MJFF: So, at the end of the day, what should be the takeaway, if any? It sounds like each patient simply has to weigh the costs and benefits, depending on the state of his or her own disease and disability, and work closely with his or her doctor. There are no simple answers, as usual.

KK: Is there a clear, urgent message for patients in terms of treating their Parkinson’s disease? No. There’s no quick answer. There is no definitive therapeutic recommendation that arises for people with Parkinson’s disease. My expectation is that many people with early otherwise untreated PD will choose to go on this medication, after talking with their doctors and considering their other treatment options.

This is a complicated study — it’s 10 pages in the New England Journal of Medicine, with another whole supplemental data set online. That’s unusual for this journal. I’ve known about this study for years and it took me a while to get through this article. If the outcome seems complicated to patients, that’s not surprising — it is complicated, even for researchers.

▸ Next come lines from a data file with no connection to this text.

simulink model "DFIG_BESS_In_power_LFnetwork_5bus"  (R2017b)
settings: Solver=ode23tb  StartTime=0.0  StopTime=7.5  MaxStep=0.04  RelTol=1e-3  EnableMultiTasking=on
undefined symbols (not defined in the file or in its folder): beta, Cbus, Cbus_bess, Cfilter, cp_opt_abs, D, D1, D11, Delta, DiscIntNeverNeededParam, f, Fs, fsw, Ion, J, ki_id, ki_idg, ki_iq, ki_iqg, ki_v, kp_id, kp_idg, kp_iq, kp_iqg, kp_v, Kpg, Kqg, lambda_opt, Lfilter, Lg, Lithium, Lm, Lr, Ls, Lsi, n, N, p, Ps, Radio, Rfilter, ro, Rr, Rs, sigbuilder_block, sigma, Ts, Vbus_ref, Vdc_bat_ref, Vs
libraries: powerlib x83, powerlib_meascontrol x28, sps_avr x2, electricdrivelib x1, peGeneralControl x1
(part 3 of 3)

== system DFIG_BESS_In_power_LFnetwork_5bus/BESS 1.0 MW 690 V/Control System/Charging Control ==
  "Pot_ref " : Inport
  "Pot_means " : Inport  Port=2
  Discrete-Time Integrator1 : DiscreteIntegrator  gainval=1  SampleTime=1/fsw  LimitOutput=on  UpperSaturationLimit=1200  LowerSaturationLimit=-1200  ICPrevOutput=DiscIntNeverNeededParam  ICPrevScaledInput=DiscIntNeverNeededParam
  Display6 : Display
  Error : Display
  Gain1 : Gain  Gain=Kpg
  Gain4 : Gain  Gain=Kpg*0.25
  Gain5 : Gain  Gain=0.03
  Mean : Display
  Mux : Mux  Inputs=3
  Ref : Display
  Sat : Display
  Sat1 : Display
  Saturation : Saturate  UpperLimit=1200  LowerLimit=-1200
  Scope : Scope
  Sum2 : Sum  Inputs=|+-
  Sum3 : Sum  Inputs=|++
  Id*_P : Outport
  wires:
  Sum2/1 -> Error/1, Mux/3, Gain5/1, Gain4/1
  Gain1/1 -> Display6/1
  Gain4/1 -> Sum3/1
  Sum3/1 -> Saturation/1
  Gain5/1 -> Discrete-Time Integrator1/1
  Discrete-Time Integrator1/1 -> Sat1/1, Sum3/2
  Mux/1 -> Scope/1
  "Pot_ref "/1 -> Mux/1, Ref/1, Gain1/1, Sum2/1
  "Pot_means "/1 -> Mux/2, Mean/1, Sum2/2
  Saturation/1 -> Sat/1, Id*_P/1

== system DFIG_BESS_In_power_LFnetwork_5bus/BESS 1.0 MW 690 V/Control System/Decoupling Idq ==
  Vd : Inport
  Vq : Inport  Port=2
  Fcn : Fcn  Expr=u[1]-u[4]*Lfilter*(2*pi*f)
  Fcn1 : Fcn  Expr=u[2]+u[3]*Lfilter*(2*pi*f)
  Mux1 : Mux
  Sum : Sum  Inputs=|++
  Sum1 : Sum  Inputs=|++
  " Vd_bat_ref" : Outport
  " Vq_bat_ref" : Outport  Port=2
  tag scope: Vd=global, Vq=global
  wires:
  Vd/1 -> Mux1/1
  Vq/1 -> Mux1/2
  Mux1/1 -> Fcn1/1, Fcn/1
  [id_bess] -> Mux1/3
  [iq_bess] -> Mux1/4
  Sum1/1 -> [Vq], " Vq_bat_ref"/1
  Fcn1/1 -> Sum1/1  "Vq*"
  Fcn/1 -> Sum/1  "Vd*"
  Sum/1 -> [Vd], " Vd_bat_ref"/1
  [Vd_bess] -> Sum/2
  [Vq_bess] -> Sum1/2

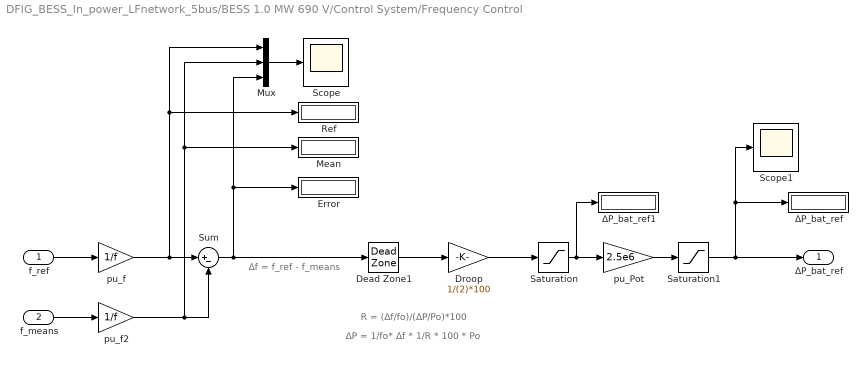
== system DFIG_BESS_In_power_LFnetwork_5bus/BESS 1.0 MW 690 V/Control System/Frequency Control ==
  note: Δf = f_ref - f_means
  note: R = (Δf/fo)/(ΔP/Po)*100
  note: ΔP = 1/fo* Δf * 1/R * 100 * Po
  f_ref : Inport
  f_means : Inport  Port=2
  Dead Zone1 : DeadZone  LowerValue=-0.00012*1/f  UpperValue=0.00002*1/f  SaturateOnIntegerOverflow=on
  Droop : Gain  Gain=1/(2)*100
  Error : Display
  Mean : Display
  Mux : Mux  Inputs=3
  Ref : Display
  Saturation : Saturate  UpperLimit=1  LowerLimit=0
  Saturation1 : Saturate  UpperLimit=1.5e6  LowerLimit=0
  Scope : Scope
  Scope1 : Scope
  Sum : Sum  Inputs=|+-
  "pu_Pot " : Gain  Gain=2.5e6
  pu_f : Gain  Gain=1/f
  pu_f2 : Gain  Gain=1/f
  ΔP_bat_ref : Display
  ΔP_bat_ref1 : Display
  "ΔP_bat_ref " : Outport
  wires:
  Mux/1 -> Scope/1
  f_ref/1 -> pu_f/1
  f_means/1 -> pu_f2/1
  Droop/1 -> Saturation/1
  Sum/1 -> Dead Zone1/1, Mux/3, Error/1
  Saturation/1 -> ΔP_bat_ref1/1, "pu_Pot "/1
  pu_f/1 -> Sum/1, Mux/1, Ref/1
  pu_f2/1 -> Sum/2, Mux/2, Mean/1
  "pu_Pot "/1 -> Saturation1/1
  Saturation1/1 -> Scope1/1, ΔP_bat_ref/1, "ΔP_bat_ref "/1
  Dead Zone1/1 -> Droop/1

== system DFIG_BESS_In_power_LFnetwork_5bus/BESS 1.0 MW 690 V/Control System/I* ==
  Id* : Inport
  Iq* : Inport  Port=2
  Display28 : Display
  Fcn : Fcn  Expr=sqrt((u[1])^2+(u[2])^2)
  Mux1 : Mux  Inputs=2
  "I* " : Outport
  wires:
  Fcn/1 -> Display28/1, "I* "/1
  Mux1/1 -> Fcn/1
  Id*/1 -> Mux1/1
  Iq*/1 -> Mux1/2

== system DFIG_BESS_In_power_LFnetwork_5bus/BESS 1.0 MW 690 V/Control System/Imean ==
  Id* : Inport
  Iq* : Inport  Port=2
  Display28 : Display
  Fcn : Fcn  Expr=sqrt((u[1])^2+(u[2])^2)
  Mux1 : Mux  Inputs=2
  "I* " : Outport
  wires:
  Iq*/1 -> Mux1/2
  Id*/1 -> Mux1/1
  Mux1/1 -> Fcn/1
  Fcn/1 -> Display28/1, "I* "/1

== system DFIG_BESS_In_power_LFnetwork_5bus/BESS 1.0 MW 690 V/Control System/P Control ==
  "Pot_ref " : Inport
  "Pot_means " : Inport  Port=2
  Discrete-Time Integrator1 : DiscreteIntegrator  gainval=1  SampleTime=1/fsw  LimitOutput=on  UpperSaturationLimit=3.5e6  LowerSaturationLimit=-1.5e6  ICPrevOutput=DiscIntNeverNeededParam  ICPrevScaledInput=DiscIntNeverNeededParam
  Error : Display
  Gain5 : Gain  Gain=Kpg
  Gain6 : Gain  Gain=kp_idg*1.1
  Gain7 : Gain  Gain=ki_idg*2.5
  Mean : Display
  Mux : Mux  Inputs=3
  Ref : Display
  Sat : Display
  Sat1 : Display
  Sat2 : Display
  Saturation : Saturate  UpperLimit=3.5e6  LowerLimit=-1.5e6
  Scope : Scope
  Sum2 : Sum  Inputs=|+-
  Sum3 : Sum  Inputs=|++
  Id*_P : Outport
  wires:
  Sum2/1 -> Error/1, Mux/3, Gain6/1, Gain7/1
  Gain6/1 -> Sum3/1, Sat2/1
  Sum3/1 -> Saturation/1
  Gain7/1 -> Discrete-Time Integrator1/1
  Discrete-Time Integrator1/1 -> Sat1/1, Sum3/2
  Mux/1 -> Scope/1
  "Pot_ref "/1 -> Sum2/1, Mux/1, Ref/1
  "Pot_means "/1 -> Mux/2, Mean/1, Sum2/2
  Saturation/1 -> Gain5/1, Sat/1
  Gain5/1 -> Id*_P/1

== system DFIG_BESS_In_power_LFnetwork_5bus/BESS 1.0 MW 690 V/Control System/PI Id1 ==
  idg_ref : Inport
  idg_means : Inport  Port=2
  Discrete-Time Integrator : DiscreteIntegrator  SampleTime=1/fsw  LimitOutput=on  UpperSaturationLimit=Vbus_ref/sqrt(3)*7  LowerSaturationLimit=-Vbus_ref/sqrt(3)*7  ICPrevOutput=DiscIntNeverNeededParam  ICPrevScaledInput=DiscIntNeverNeededParam
  Error : Display
  Gain : Gain  Gain=kp_idg
  Gain1 : Gain  Gain=ki_idg
  Mean : Display
  Mux : Mux  Inputs=3
  Ref : Display
  Sat : Display
  Sat 1 : Display
  Saturation : Saturate  UpperLimit=Vbus_ref/sqrt(3)*7  LowerLimit=-Vbus_ref/sqrt(3)*7
  Scope : Scope
  Sum : Sum  Inputs=|+-
  Sum1 : Sum  Inputs=|++
  out : Outport
  wires:
  Saturation/1 -> Sat/1, out/1
  Sum1/1 -> Saturation/1
  Discrete-Time Integrator/1 -> Sat 1/1, Sum1/2
  Gain1/1 -> Discrete-Time Integrator/1
  Gain/1 -> Sum1/1
  idg_means/1 -> Mean/1, Mux/2, Sum/2
  idg_ref/1 -> Ref/1, Mux/1, Sum/1
  Sum/1 -> Gain/1, Gain1/1, Mux/3, Error/1
  Mux/1 -> Scope/1

== system DFIG_BESS_In_power_LFnetwork_5bus/BESS 1.0 MW 690 V/Control System/PI Iq ==
  iq_bat_ref : Inport
  iq_bat_means : Inport  Port=2
  Discrete-Time Integrator : DiscreteIntegrator  SampleTime=1/fsw  LimitOutput=on  UpperSaturationLimit=Vbus_ref/sqrt(3)*5  LowerSaturationLimit=-Vbus_ref/sqrt(3)*5  ICPrevOutput=DiscIntNeverNeededParam  ICPrevScaledInput=DiscIntNeverNeededParam
  Error : Display
  Gain : Gain  Gain=kp_iqg
  Gain1 : Gain  Gain=ki_iqg
  Mean : Display
  Mux : Mux  Inputs=3
  Ref : Display
  Sat : Display
  Sat 1 : Display
  Saturation : Saturate  UpperLimit=Vbus_ref/sqrt(3)*6  LowerLimit=-Vbus_ref/sqrt(3)*6
  Scope : Scope
  Sum : Sum  Inputs=|+-
  Sum1 : Sum  Inputs=|++
  "out " : Outport
  wires:
  Mux/1 -> Scope/1
  Sum/1 -> Gain1/1, Gain/1, Error/1, Mux/3
  iq_bat_ref/1 -> Mux/1, Ref/1, Sum/1
  iq_bat_means/1 -> Mux/2, Mean/1, Sum/2
  Saturation/1 -> "out "/1, Sat/1
  Gain/1 -> Sum1/1
  Gain1/1 -> Discrete-Time Integrator/1
  Discrete-Time Integrator/1 -> Sum1/2, Sat 1/1
  Sum1/1 -> Saturation/1

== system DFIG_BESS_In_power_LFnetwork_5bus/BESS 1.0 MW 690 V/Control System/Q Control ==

In spite of the lack of a clear therapeutic recommendation, we have still learned some important things. This is the first rigorous delayed-start PD study that has been done in accordance with FDA guidelines, and it establishes a lot of interesting precedents.

First of all, 1,176 people were enrolled in a relatively expeditious fashion. Of those, 85 percent made it into the more complicated second-stage analyses. This has shown that people can be recruited and participate in such a design, in large numbers, across 129 centers in 14 countries. It’s quite feasible to do. That’s important; a lot of people had believed it would be impossible to get people to participate in such a large effort over this period of time.

Secondly, it has given us insights into trial design. People are now looking at the 18-month trial duration and asking whether it has to be done this way. Could we accomplish the same thing in 12 months?

So, first of all, it’s feasible; second of all, it’s helped trigger some new thinking (including the meeting MJFF and the Parkinson Study Group co-hosted with the FDA and the American Association of Pharmacological Scientists last year) about how to carry out a trial with this design.

We’ve learned important things, and it’s likely that we’ll see more studies of this type being done in the future.

Karl Kieburtz is Professor of Neurology and Community and Preventive Medicine at the University of Rochester Medical Center and chair of the Parkinson Study Group. He is a consultant to Teva and he consulted with authors of the NEJM paper as they wrote it.